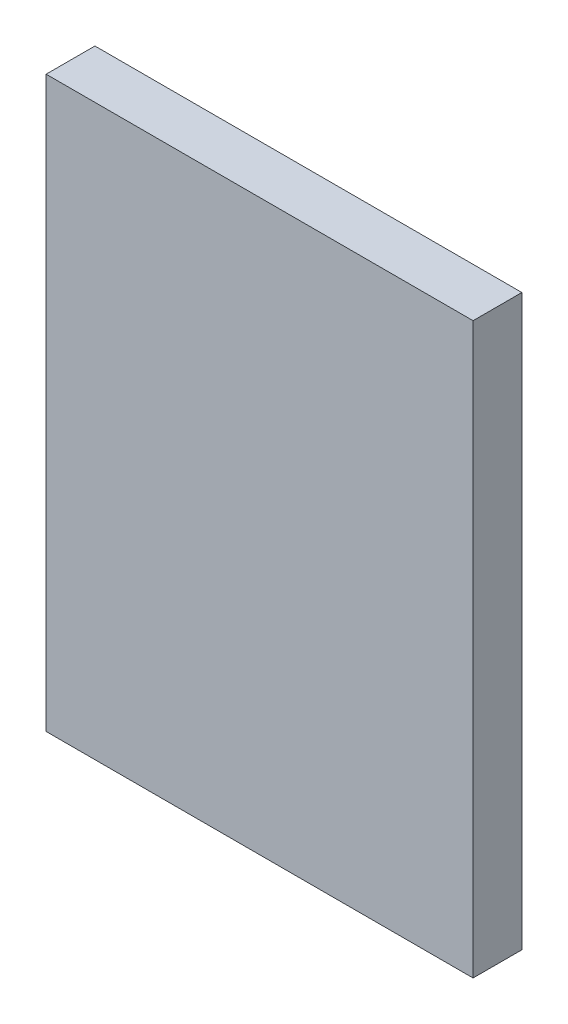
ISO-10303-21;
HEADER;
FILE_DESCRIPTION(('STEP AP214'),'2;1');
FILE_NAME('part.step','',(''),(''),'','','');
FILE_SCHEMA(('AUTOMOTIVE_DESIGN { 1 0 10303 214 1 1 1 1 }'));
ENDSEC;
DATA;
#1=APPLICATION_CONTEXT('core data for automotive mechanical design processes');
#2=APPLICATION_PROTOCOL_DEFINITION('international standard','automotive_design',2000,#1);
#3=PRODUCT_CONTEXT('',#1,'mechanical');
#4=PRODUCT('Part','Part','',(#3));
#5=PRODUCT_RELATED_PRODUCT_CATEGORY('part','',(#4));
#6=PRODUCT_DEFINITION_FORMATION('','',#4);
#7=PRODUCT_DEFINITION_CONTEXT('part definition',#1,'design');
#8=PRODUCT_DEFINITION('design','',#6,#7);
#9=PRODUCT_DEFINITION_SHAPE('','',#8);
#10=(LENGTH_UNIT() NAMED_UNIT(*) SI_UNIT(.MILLI.,.METRE.));
#11=(NAMED_UNIT(*) PLANE_ANGLE_UNIT() SI_UNIT($,.RADIAN.));
#12=(NAMED_UNIT(*) SI_UNIT($,.STERADIAN.) SOLID_ANGLE_UNIT());
#13=UNCERTAINTY_MEASURE_WITH_UNIT(LENGTH_MEASURE(1.E-05),#10,'distance_accuracy_value','');
#14=(GEOMETRIC_REPRESENTATION_CONTEXT(3) GLOBAL_UNCERTAINTY_ASSIGNED_CONTEXT((#13)) GLOBAL_UNIT_ASSIGNED_CONTEXT((#10,
#11,#12)) REPRESENTATION_CONTEXT('',''));
#15=CARTESIAN_POINT('',(0.,0.,0.));
#16=DIRECTION('',(0.,0.,1.));
#17=DIRECTION('',(1.,0.,0.));
#18=AXIS2_PLACEMENT_3D('',#15,#16,#17);
#19=CARTESIAN_POINT('',(7.6283,2.2606,0.76487));
#20=DIRECTION('',(0.,0.,-1.));
#21=DIRECTION('',(-1.,0.,0.));
#22=AXIS2_PLACEMENT_3D('',#19,#20,#21);
#23=PLANE('',#22);
#24=DIRECTION('',(1.,0.,0.));
#25=VECTOR('',#24,1.);
#26=CARTESIAN_POINT('',(7.4783,2.4606,0.76487));
#27=LINE('',#26,#25);
#28=CARTESIAN_POINT('',(7.4783,2.4606,0.76487));
#29=VERTEX_POINT('',#28);
#30=CARTESIAN_POINT('',(7.7783,2.4606,0.76487));
#31=VERTEX_POINT('',#30);
#32=EDGE_CURVE('E55',#29,#31,#27,.T.);
#33=ORIENTED_EDGE('',*,*,#32,.T.);
#34=DIRECTION('',(0.,1.,0.));
#35=VECTOR('',#34,1.);
#36=CARTESIAN_POINT('',(7.7783,2.4606,0.76487));
#37=LINE('',#36,#35);
#38=CARTESIAN_POINT('',(7.7783,2.0606,0.76487));
#39=VERTEX_POINT('',#38);
#40=EDGE_CURVE('E57',#31,#39,#37,.F.);
#41=ORIENTED_EDGE('',*,*,#40,.T.);
#42=DIRECTION('',(1.,0.,0.));
#43=VECTOR('',#42,1.);
#44=CARTESIAN_POINT('',(7.7783,2.0606,0.76487));
#45=LINE('',#44,#43);
#46=CARTESIAN_POINT('',(7.4783,2.0606,0.76487));
#47=VERTEX_POINT('',#46);
#48=EDGE_CURVE('E20',#39,#47,#45,.F.);
#49=ORIENTED_EDGE('',*,*,#48,.T.);
#50=DIRECTION('',(0.,1.,0.));
#51=VECTOR('',#50,1.);
#52=CARTESIAN_POINT('',(7.4783,2.0606,0.76487));
#53=LINE('',#52,#51);
#54=EDGE_CURVE('E80',#47,#29,#53,.T.);
#55=ORIENTED_EDGE('',*,*,#54,.T.);
#56=EDGE_LOOP('',(#33,#41,#49,#55));
#57=FACE_BOUND('',#56,.T.);
#58=ADVANCED_FACE('F17',(#57),#23,.T.);
#59=CARTESIAN_POINT('',(7.7783,2.0606,0.76487));
#60=DIRECTION('',(0.,1.,0.));
#61=DIRECTION('',(0.,0.,1.));
#62=AXIS2_PLACEMENT_3D('',#59,#60,#61);
#63=PLANE('',#62);
#64=DIRECTION('',(0.,0.,1.));
#65=VECTOR('',#64,1.);
#66=CARTESIAN_POINT('',(7.4783,2.0606,0.76487));
#67=LINE('',#66,#65);
#68=CARTESIAN_POINT('',(7.4783,2.0606,0.79916));
#69=VERTEX_POINT('',#68);
#70=EDGE_CURVE('E68',#69,#47,#67,.F.);
#71=ORIENTED_EDGE('',*,*,#70,.T.);
#72=ORIENTED_EDGE('',*,*,#48,.F.);
#73=DIRECTION('',(0.,0.,1.));
#74=VECTOR('',#73,1.);
#75=CARTESIAN_POINT('',(7.7783,2.0606,0.76487));
#76=LINE('',#75,#74);
#77=CARTESIAN_POINT('',(7.7783,2.0606,0.79916));
#78=VERTEX_POINT('',#77);
#79=EDGE_CURVE('E63',#39,#78,#76,.T.);
#80=ORIENTED_EDGE('',*,*,#79,.T.);
#81=DIRECTION('',(1.,0.,0.));
#82=VECTOR('',#81,1.);
#83=CARTESIAN_POINT('',(7.6283,2.0606,0.79916));
#84=LINE('',#83,#82);
#85=EDGE_CURVE('E83',#69,#78,#84,.T.);
#86=ORIENTED_EDGE('',*,*,#85,.F.);
#87=EDGE_LOOP('',(#71,#72,#80,#86));
#88=FACE_BOUND('',#87,.T.);
#89=ADVANCED_FACE('F65',(#88),#63,.F.);
#90=CARTESIAN_POINT('',(7.7783,2.4606,0.76487));
#91=DIRECTION('',(-1.,0.,0.));
#92=DIRECTION('',(0.,0.,1.));
#93=AXIS2_PLACEMENT_3D('',#90,#91,#92);
#94=PLANE('',#93);
#95=ORIENTED_EDGE('',*,*,#79,.F.);
#96=ORIENTED_EDGE('',*,*,#40,.F.);
#97=DIRECTION('',(0.,0.,-1.));
#98=VECTOR('',#97,1.);
#99=CARTESIAN_POINT('',(7.7783,2.4606,0.76487));
#100=LINE('',#99,#98);
#101=CARTESIAN_POINT('',(7.7783,2.4606,0.79916));
#102=VERTEX_POINT('',#101);
#103=EDGE_CURVE('E75',#31,#102,#100,.F.);
#104=ORIENTED_EDGE('',*,*,#103,.T.);
#105=DIRECTION('',(0.,-1.,0.));
#106=VECTOR('',#105,1.);
#107=CARTESIAN_POINT('',(7.7783,2.2606,0.79916));
#108=LINE('',#107,#106);
#109=EDGE_CURVE('E72',#78,#102,#108,.F.);
#110=ORIENTED_EDGE('',*,*,#109,.F.);
#111=EDGE_LOOP('',(#95,#96,#104,#110));
#112=FACE_BOUND('',#111,.T.);
#113=ADVANCED_FACE('F70',(#112),#94,.F.);
#114=CARTESIAN_POINT('',(7.4783,2.4606,0.76487));
#115=DIRECTION('',(0.,-1.,0.));
#116=DIRECTION('',(0.,0.,-1.));
#117=AXIS2_PLACEMENT_3D('',#114,#115,#116);
#118=PLANE('',#117);
#119=ORIENTED_EDGE('',*,*,#103,.F.);
#120=ORIENTED_EDGE('',*,*,#32,.F.);
#121=DIRECTION('',(0.,0.,1.));
#122=VECTOR('',#121,1.);
#123=CARTESIAN_POINT('',(7.4783,2.4606,0.76487));
#124=LINE('',#123,#122);
#125=CARTESIAN_POINT('',(7.4783,2.4606,0.79916));
#126=VERTEX_POINT('',#125);
#127=EDGE_CURVE('E35',#29,#126,#124,.T.);
#128=ORIENTED_EDGE('',*,*,#127,.T.);
#129=DIRECTION('',(1.,0.,0.));
#130=VECTOR('',#129,1.);
#131=CARTESIAN_POINT('',(7.6283,2.4606,0.79916));
#132=LINE('',#131,#130);
#133=EDGE_CURVE('E26',#102,#126,#132,.F.);
#134=ORIENTED_EDGE('',*,*,#133,.F.);
#135=EDGE_LOOP('',(#119,#120,#128,#134));
#136=FACE_BOUND('',#135,.T.);
#137=ADVANCED_FACE('F89',(#136),#118,.F.);
#138=CARTESIAN_POINT('',(7.4783,2.0606,0.76487));
#139=DIRECTION('',(1.,0.,0.));
#140=DIRECTION('',(0.,1.,0.));
#141=AXIS2_PLACEMENT_3D('',#138,#139,#140);
#142=PLANE('',#141);
#143=ORIENTED_EDGE('',*,*,#127,.F.);
#144=ORIENTED_EDGE('',*,*,#54,.F.);
#145=ORIENTED_EDGE('',*,*,#70,.F.);
#146=DIRECTION('',(0.,-1.,0.));
#147=VECTOR('',#146,1.);
#148=CARTESIAN_POINT('',(7.4783,2.2606,0.79916));
#149=LINE('',#148,#147);
#150=EDGE_CURVE('E11',#126,#69,#149,.T.);
#151=ORIENTED_EDGE('',*,*,#150,.F.);
#152=EDGE_LOOP('',(#143,#144,#145,#151));
#153=FACE_BOUND('',#152,.T.);
#154=ADVANCED_FACE('F91',(#153),#142,.F.);
#155=CARTESIAN_POINT('',(7.6283,2.2606,0.79916));
#156=DIRECTION('',(0.,0.,1.));
#157=DIRECTION('',(0.,-1.,0.));
#158=AXIS2_PLACEMENT_3D('',#155,#156,#157);
#159=PLANE('',#158);
#160=ORIENTED_EDGE('',*,*,#133,.T.);
#161=ORIENTED_EDGE('',*,*,#150,.T.);
#162=ORIENTED_EDGE('',*,*,#85,.T.);
#163=ORIENTED_EDGE('',*,*,#109,.T.);
#164=EDGE_LOOP('',(#160,#161,#162,#163));
#165=FACE_BOUND('',#164,.T.);
#166=ADVANCED_FACE('F88',(#165),#159,.T.);
#167=CLOSED_SHELL('',(#58,#89,#113,#137,#154,#166));
#168=MANIFOLD_SOLID_BREP('B1',#167);
#169=ADVANCED_BREP_SHAPE_REPRESENTATION('',(#18,#168),#14);
#170=SHAPE_DEFINITION_REPRESENTATION(#9,#169);
ENDSEC;
END-ISO-10303-21;

○ ○ ○ ○ ○ ○ ○

## Task details
Pictures stay out; output the lines from the top of the listing above through the line containing "#37=LINE('',#36,#35);", exactly as they stand.

## Response to this exercise
ISO-10303-21;
HEADER;
FILE_DESCRIPTION(('STEP AP214'),'2;1');
FILE_NAME('part.step','',(''),(''),'','','');
FILE_SCHEMA(('AUTOMOTIVE_DESIGN { 1 0 10303 214 1 1 1 1 }'));
ENDSEC;
DATA;
#1=APPLICATION_CONTEXT('core data for automotive mechanical design processes');
#2=APPLICATION_PROTOCOL_DEFINITION('international standard','automotive_design',2000,#1);
#3=PRODUCT_CONTEXT('',#1,'mechanical');
#4=PRODUCT('Part','Part','',(#3));
#5=PRODUCT_RELATED_PRODUCT_CATEGORY('part','',(#4));
#6=PRODUCT_DEFINITION_FORMATION('','',#4);
#7=PRODUCT_DEFINITION_CONTEXT('part definition',#1,'design');
#8=PRODUCT_DEFINITION('design','',#6,#7);
#9=PRODUCT_DEFINITION_SHAPE('','',#8);
#10=(LENGTH_UNIT() NAMED_UNIT(*) SI_UNIT(.MILLI.,.METRE.));
#11=(NAMED_UNIT(*) PLANE_ANGLE_UNIT() SI_UNIT($,.RADIAN.));
#12=(NAMED_UNIT(*) SI_UNIT($,.STERADIAN.) SOLID_ANGLE_UNIT());
#13=UNCERTAINTY_MEASURE_WITH_UNIT(LENGTH_MEASURE(1.E-05),#10,'distance_accuracy_value','');
#14=(GEOMETRIC_REPRESENTATION_CONTEXT(3) GLOBAL_UNCERTAINTY_ASSIGNED_CONTEXT((#13)) GLOBAL_UNIT_ASSIGNED_CONTEXT((#10,
#11,#12)) REPRESENTATION_CONTEXT('',''));
#15=CARTESIAN_POINT('',(0.,0.,0.));
#16=DIRECTION('',(0.,0.,1.));
#17=DIRECTION('',(1.,0.,0.));
#18=AXIS2_PLACEMENT_3D('',#15,#16,#17);
#19=CARTESIAN_POINT('',(7.6283,2.2606,0.76487));
#20=DIRECTION('',(0.,0.,-1.));
#21=DIRECTION('',(-1.,0.,0.));
#22=AXIS2_PLACEMENT_3D('',#19,#20,#21);
#23=PLANE('',#22);
#24=DIRECTION('',(1.,0.,0.));
#25=VECTOR('',#24,1.);
#26=CARTESIAN_POINT('',(7.4783,2.4606,0.76487));
#27=LINE('',#26,#25);
#28=CARTESIAN_POINT('',(7.4783,2.4606,0.76487));
#29=VERTEX_POINT('',#28);
#30=CARTESIAN_POINT('',(7.7783,2.4606,0.76487));
#31=VERTEX_POINT('',#30);
#32=EDGE_CURVE('E55',#29,#31,#27,.T.);
#33=ORIENTED_EDGE('',*,*,#32,.T.);
#34=DIRECTION('',(0.,1.,0.));
#35=VECTOR('',#34,1.);
#36=CARTESIAN_POINT('',(7.7783,2.4606,0.76487));
#37=LINE('',#36,#35);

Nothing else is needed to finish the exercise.